Here are the steps to set up Privoxy on the Pi:

  1. Install Privoxy:

    sudo apt-get install privoxy

  2. Start Privoxy:

    etc/init.d/privoxy start

  3. Open the configuration file in your text editor:

    sudo nano /etc/privoxy/config

  4. Find the following line (easy in Nano if you do a search by hitting Ctrl+W): listen-address localhost:8118
  5. Comment out that line by adding a # before it
  6. Then add a new line below it with: listen-address [IP address of your Pi assigned by Hamachi]:8118 (e.g., 25.1.1.1:8118)
  7. Save the configuration file (Ctrl+X) and restart Privoxy:

    sudo service privoxy restart

Now you have your Privoxy server set up on the Pi, running over the secure VPN via Hamachi. All that’s left to do is set Privoxy as your proxy server on your other computers.

To do that:

  • In Google Chrome: Go to Settings > Show advanced settings… > Change proxy settings… (under Network)
  • In Firefox: Go to Preferences > Advanced tab > Network tab > Settings button (next to “Configure how Firefox connects to the Internet”)

Then enter the IP address of the Raspberry Pi, as assigned by Hamachi, in the proxy adress. The port is 8118.

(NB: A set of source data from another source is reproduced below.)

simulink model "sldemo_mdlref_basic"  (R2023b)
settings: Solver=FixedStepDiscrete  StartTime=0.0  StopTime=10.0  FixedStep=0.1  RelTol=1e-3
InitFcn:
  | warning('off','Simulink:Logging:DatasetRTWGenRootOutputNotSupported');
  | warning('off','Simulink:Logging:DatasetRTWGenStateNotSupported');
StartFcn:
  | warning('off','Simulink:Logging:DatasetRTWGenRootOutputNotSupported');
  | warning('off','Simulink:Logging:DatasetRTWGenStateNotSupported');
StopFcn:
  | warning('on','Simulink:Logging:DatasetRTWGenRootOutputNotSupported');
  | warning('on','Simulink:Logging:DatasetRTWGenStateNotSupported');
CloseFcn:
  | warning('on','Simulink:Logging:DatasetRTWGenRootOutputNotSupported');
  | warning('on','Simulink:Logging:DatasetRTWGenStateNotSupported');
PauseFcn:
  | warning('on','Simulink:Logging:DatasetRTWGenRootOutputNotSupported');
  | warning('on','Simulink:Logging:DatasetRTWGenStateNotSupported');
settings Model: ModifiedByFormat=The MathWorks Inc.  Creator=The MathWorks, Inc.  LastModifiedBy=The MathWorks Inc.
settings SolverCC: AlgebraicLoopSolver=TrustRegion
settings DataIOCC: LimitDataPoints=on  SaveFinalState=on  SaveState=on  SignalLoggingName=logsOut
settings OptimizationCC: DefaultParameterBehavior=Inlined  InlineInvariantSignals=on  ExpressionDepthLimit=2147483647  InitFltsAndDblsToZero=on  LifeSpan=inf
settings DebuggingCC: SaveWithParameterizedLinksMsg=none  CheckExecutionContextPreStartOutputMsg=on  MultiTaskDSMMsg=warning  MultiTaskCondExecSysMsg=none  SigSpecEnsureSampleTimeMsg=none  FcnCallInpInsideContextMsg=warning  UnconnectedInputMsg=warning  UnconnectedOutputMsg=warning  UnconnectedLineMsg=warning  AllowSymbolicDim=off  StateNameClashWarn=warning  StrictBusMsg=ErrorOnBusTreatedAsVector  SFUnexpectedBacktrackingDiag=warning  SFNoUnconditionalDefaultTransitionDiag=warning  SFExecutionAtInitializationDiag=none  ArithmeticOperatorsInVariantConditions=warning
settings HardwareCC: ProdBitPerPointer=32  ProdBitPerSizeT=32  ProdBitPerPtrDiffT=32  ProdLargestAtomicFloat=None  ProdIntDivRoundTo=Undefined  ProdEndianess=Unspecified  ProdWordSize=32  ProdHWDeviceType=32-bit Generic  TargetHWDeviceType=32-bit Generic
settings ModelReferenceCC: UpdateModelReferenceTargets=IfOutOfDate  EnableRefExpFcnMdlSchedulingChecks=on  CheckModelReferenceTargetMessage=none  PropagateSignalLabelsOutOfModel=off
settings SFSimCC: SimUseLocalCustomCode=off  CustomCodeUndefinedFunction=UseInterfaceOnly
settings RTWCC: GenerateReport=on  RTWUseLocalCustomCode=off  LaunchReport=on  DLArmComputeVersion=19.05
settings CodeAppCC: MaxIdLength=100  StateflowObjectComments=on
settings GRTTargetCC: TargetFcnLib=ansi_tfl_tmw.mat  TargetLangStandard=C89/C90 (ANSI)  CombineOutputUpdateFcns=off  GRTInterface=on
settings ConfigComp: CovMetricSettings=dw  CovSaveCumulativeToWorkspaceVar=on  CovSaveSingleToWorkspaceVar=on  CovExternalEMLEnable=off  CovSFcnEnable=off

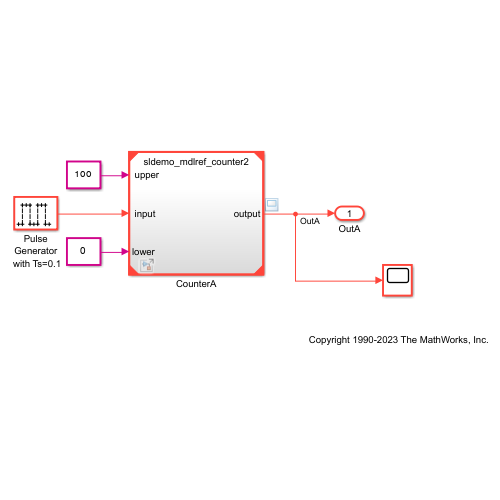
[thumbnail: Simulink's stored preview of the top-level diagram]
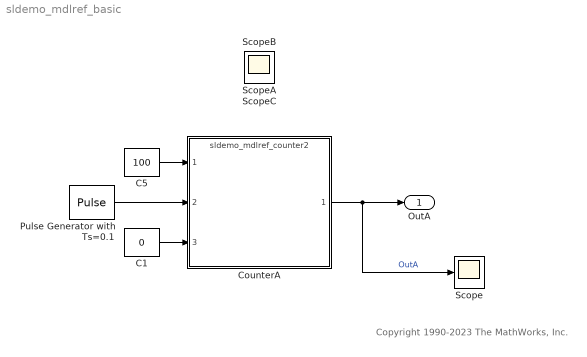
== system sldemo_mdlref_basic ==
  note: Copyright 1990-2023 The MathWorks, Inc.
  C1 : Constant  Value=0
  C5 : Constant  Value=100
  CounterA : ModelReference  ModelNameDialog=sldemo_mdlref_counter2  ModelReferenceVersion=7.10
  Pulse Generator with Ts=0.1 : DiscretePulseGenerator  SampleTime=0.1  VectorParams1D=off
  Scope : Scope
  OutA : Outport  VectorParamsAs1DForOutWhenUnconnected=off
  ScopeA : Scope
  ScopeB : Scope
  ScopeC : Scope
  wires:
  CounterA/1 -> Scope/1, OutA/1  "OutA"
  Pulse Generator with Ts=0.1/1 -> CounterA/2
  C1/1 -> CounterA/3
  C5/1 -> CounterA/1

To test that the proxy is working, go to http://config.privoxy.org/ and you should see a message like “This is Privoxy on Windows [IP address], port 8118, enabled.” If it’s not working, you’ll see a message that “Privoxy is not being used”. Also, when you’re using a public Wi-Fi connection, visiting WhatIsMyIP.com will show a different IP address when your proxy is turned on than when it’s off (the IP address should be your home’s public IP address).

That’s it!

Other Raspberry Pi VPN Solutions

There are other ways to skin this cat. Our favourite VPN tool Open VPN is a good alternative, but may require a bit more tweaking (as well as a static IP or Dynamic DNS service provider). You can also set up a PPTD VPN (instructions via Brad Wells), which has the advantage of being supported by more devices, but again it’s a little more involved. But for a quick and effective secure networking solution, this approach does the job.